(Beginning of Material shown)

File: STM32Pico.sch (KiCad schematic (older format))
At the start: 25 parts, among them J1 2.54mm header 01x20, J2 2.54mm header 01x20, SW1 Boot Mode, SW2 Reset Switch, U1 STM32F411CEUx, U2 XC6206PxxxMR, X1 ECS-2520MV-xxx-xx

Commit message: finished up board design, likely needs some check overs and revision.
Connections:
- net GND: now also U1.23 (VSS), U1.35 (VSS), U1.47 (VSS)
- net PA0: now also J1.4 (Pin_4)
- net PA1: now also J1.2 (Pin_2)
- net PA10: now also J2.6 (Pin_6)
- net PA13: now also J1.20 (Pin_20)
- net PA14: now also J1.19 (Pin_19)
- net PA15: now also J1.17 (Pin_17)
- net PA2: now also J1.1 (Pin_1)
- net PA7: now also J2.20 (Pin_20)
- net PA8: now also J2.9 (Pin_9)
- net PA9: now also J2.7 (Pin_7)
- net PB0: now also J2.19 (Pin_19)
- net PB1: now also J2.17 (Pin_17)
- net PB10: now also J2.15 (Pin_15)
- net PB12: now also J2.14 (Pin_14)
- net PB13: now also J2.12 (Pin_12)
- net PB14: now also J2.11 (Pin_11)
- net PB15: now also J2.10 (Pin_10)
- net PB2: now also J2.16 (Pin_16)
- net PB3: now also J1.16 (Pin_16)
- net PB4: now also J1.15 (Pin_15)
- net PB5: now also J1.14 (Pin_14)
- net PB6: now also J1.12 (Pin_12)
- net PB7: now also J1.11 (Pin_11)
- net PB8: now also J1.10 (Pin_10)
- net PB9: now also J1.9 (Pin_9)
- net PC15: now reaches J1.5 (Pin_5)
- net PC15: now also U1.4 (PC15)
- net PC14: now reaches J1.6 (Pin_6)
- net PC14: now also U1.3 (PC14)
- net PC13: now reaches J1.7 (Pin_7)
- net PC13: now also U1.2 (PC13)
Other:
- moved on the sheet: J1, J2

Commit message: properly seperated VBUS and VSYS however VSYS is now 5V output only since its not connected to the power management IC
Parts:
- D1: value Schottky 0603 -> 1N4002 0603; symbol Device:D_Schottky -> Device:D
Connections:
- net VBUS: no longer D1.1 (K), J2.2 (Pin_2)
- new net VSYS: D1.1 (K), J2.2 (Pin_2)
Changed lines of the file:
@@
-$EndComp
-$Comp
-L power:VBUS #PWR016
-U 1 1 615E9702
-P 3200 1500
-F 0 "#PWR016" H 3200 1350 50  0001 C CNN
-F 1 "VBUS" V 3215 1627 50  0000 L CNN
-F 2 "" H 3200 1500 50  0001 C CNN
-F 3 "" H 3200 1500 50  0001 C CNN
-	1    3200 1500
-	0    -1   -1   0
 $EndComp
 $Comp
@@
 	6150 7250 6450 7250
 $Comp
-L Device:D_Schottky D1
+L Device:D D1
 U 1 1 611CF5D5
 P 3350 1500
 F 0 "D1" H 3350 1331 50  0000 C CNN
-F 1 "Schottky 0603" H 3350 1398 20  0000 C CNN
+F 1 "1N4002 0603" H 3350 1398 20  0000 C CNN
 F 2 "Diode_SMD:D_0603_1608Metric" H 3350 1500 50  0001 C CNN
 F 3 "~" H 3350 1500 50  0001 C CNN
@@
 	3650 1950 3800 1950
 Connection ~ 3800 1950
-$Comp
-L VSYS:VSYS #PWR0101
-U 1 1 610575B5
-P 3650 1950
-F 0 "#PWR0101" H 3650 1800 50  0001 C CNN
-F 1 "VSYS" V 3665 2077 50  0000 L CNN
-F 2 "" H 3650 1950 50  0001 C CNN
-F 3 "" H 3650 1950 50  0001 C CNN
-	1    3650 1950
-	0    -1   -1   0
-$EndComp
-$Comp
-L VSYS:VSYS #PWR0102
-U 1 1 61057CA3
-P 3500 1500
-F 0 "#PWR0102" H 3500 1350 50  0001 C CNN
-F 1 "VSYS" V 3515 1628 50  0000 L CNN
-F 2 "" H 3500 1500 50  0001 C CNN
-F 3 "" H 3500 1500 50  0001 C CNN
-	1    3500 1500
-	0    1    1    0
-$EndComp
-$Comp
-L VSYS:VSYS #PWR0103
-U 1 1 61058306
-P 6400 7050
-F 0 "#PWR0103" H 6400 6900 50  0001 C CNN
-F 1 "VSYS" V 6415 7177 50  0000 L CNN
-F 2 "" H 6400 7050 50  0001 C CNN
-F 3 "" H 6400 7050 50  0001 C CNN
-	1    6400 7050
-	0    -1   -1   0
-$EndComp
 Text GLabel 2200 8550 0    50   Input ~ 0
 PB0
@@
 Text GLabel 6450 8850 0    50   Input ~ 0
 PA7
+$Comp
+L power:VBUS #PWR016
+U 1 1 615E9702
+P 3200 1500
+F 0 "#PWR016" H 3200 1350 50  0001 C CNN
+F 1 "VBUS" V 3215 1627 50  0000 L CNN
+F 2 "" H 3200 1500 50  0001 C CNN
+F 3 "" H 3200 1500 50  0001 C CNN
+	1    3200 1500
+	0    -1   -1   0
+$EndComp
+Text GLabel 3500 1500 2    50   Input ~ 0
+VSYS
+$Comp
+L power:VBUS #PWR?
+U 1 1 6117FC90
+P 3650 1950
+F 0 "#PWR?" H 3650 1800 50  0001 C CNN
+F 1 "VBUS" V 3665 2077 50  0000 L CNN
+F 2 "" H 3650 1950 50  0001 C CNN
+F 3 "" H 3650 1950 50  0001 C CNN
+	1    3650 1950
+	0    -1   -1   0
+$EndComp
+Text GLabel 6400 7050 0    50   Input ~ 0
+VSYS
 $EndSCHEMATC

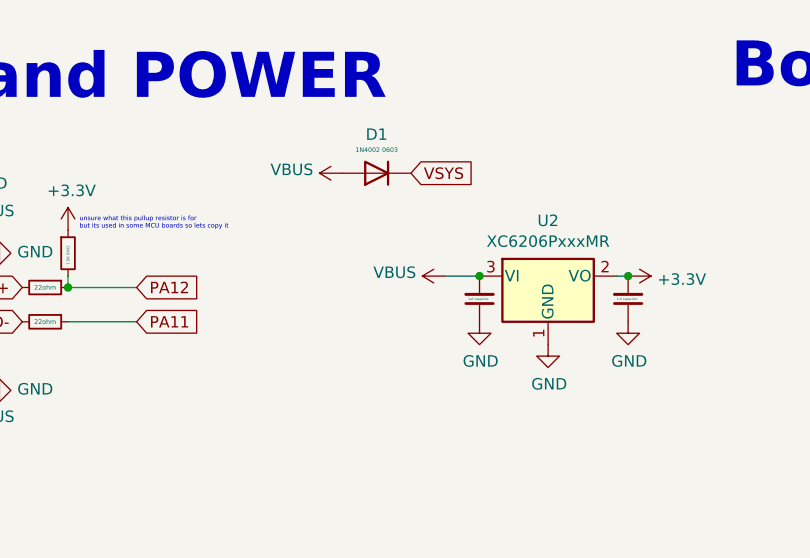
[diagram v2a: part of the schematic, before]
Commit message: changed my mind - moved power ic to vsys and also adjusted USB traces to correct some phase skew.
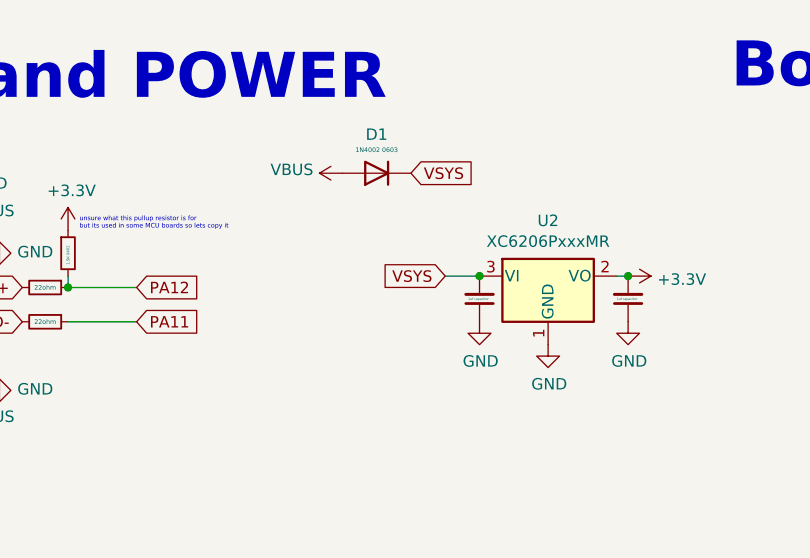
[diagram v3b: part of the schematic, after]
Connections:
- net VBUS: no longer C6.2, U2.3 (VI)
- net VSYS: now also C6.2, U2.3 (VI)
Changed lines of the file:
@@
 Text GLabel 3500 1500 2    50   Input ~ 0
 VSYS
-$Comp
-L power:VBUS #PWR?
-U 1 1 6117FC90
-P 3650 1950
-F 0 "#PWR?" H 3650 1800 50  0001 C CNN
-F 1 "VBUS" V 3665 2077 50  0000 L CNN
-F 2 "" H 3650 1950 50  0001 C CNN
-F 3 "" H 3650 1950 50  0001 C CNN
-	1    3650 1950
-	0    -1   -1   0
-$EndComp
 Text GLabel 6400 7050 0    50   Input ~ 0
 VSYS
+Text GLabel 3650 1950 0    50   Input ~ 0
+VSYS
 $EndSCHEMATC

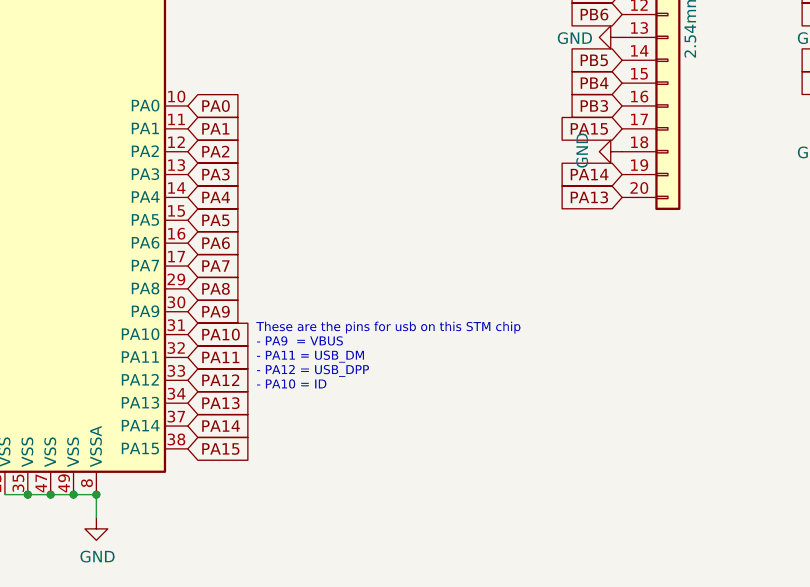
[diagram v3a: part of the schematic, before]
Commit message: added pin lables and Jtag/swdio/swclk on the PCB
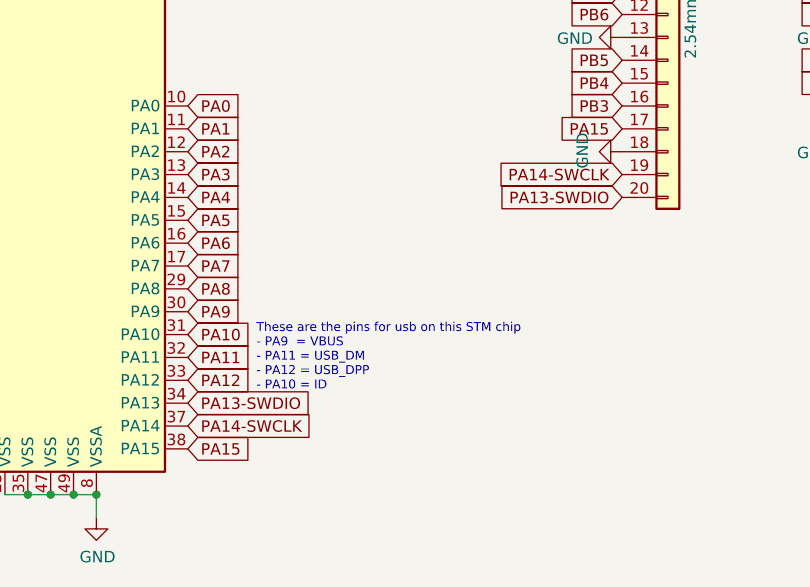
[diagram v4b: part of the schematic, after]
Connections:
- net PA13 renamed PA13-SWDIO
- net PA14 renamed PA14-SWCLK
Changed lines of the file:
@@
 PA10
 Text GLabel 3500 9750 2    50   Input ~ 0
-PA13
+PA13-SWDIO
 Text GLabel 3500 9850 2    50   Input ~ 0
-PA14
+PA14-SWCLK
 Text GLabel 3500 9950 2    50   Input ~ 0
 PA15
@@
 PA8
 Text GLabel 5400 8750 0    50   Input ~ 0
-PA14
+PA14-SWCLK
 Text GLabel 5400 8550 0    50   Input ~ 0
 PA15
@@
 Text GLabel 5400 7350 0    50   Input ~ 0
 PC15
-Text GLabel 5400 8850 0    50   Input ~ 0
-PA13
 Text GLabel 5400 7250 0    50   Input ~ 0
 PA0
@@
 Text GLabel 3650 1950 0    50   Input ~ 0
 VSYS
+Text GLabel 5400 8850 0    50   Input ~ 0
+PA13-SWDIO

(End of Material shown)

> What is being asked
Filter the listing above so that only lines holding the word "diagram" remain, and report those lines.

> Response area
[diagram v2a: part of the schematic, before]
[diagram v3b: part of the schematic, after]
[diagram v3a: part of the schematic, before]
[diagram v4b: part of the schematic, after]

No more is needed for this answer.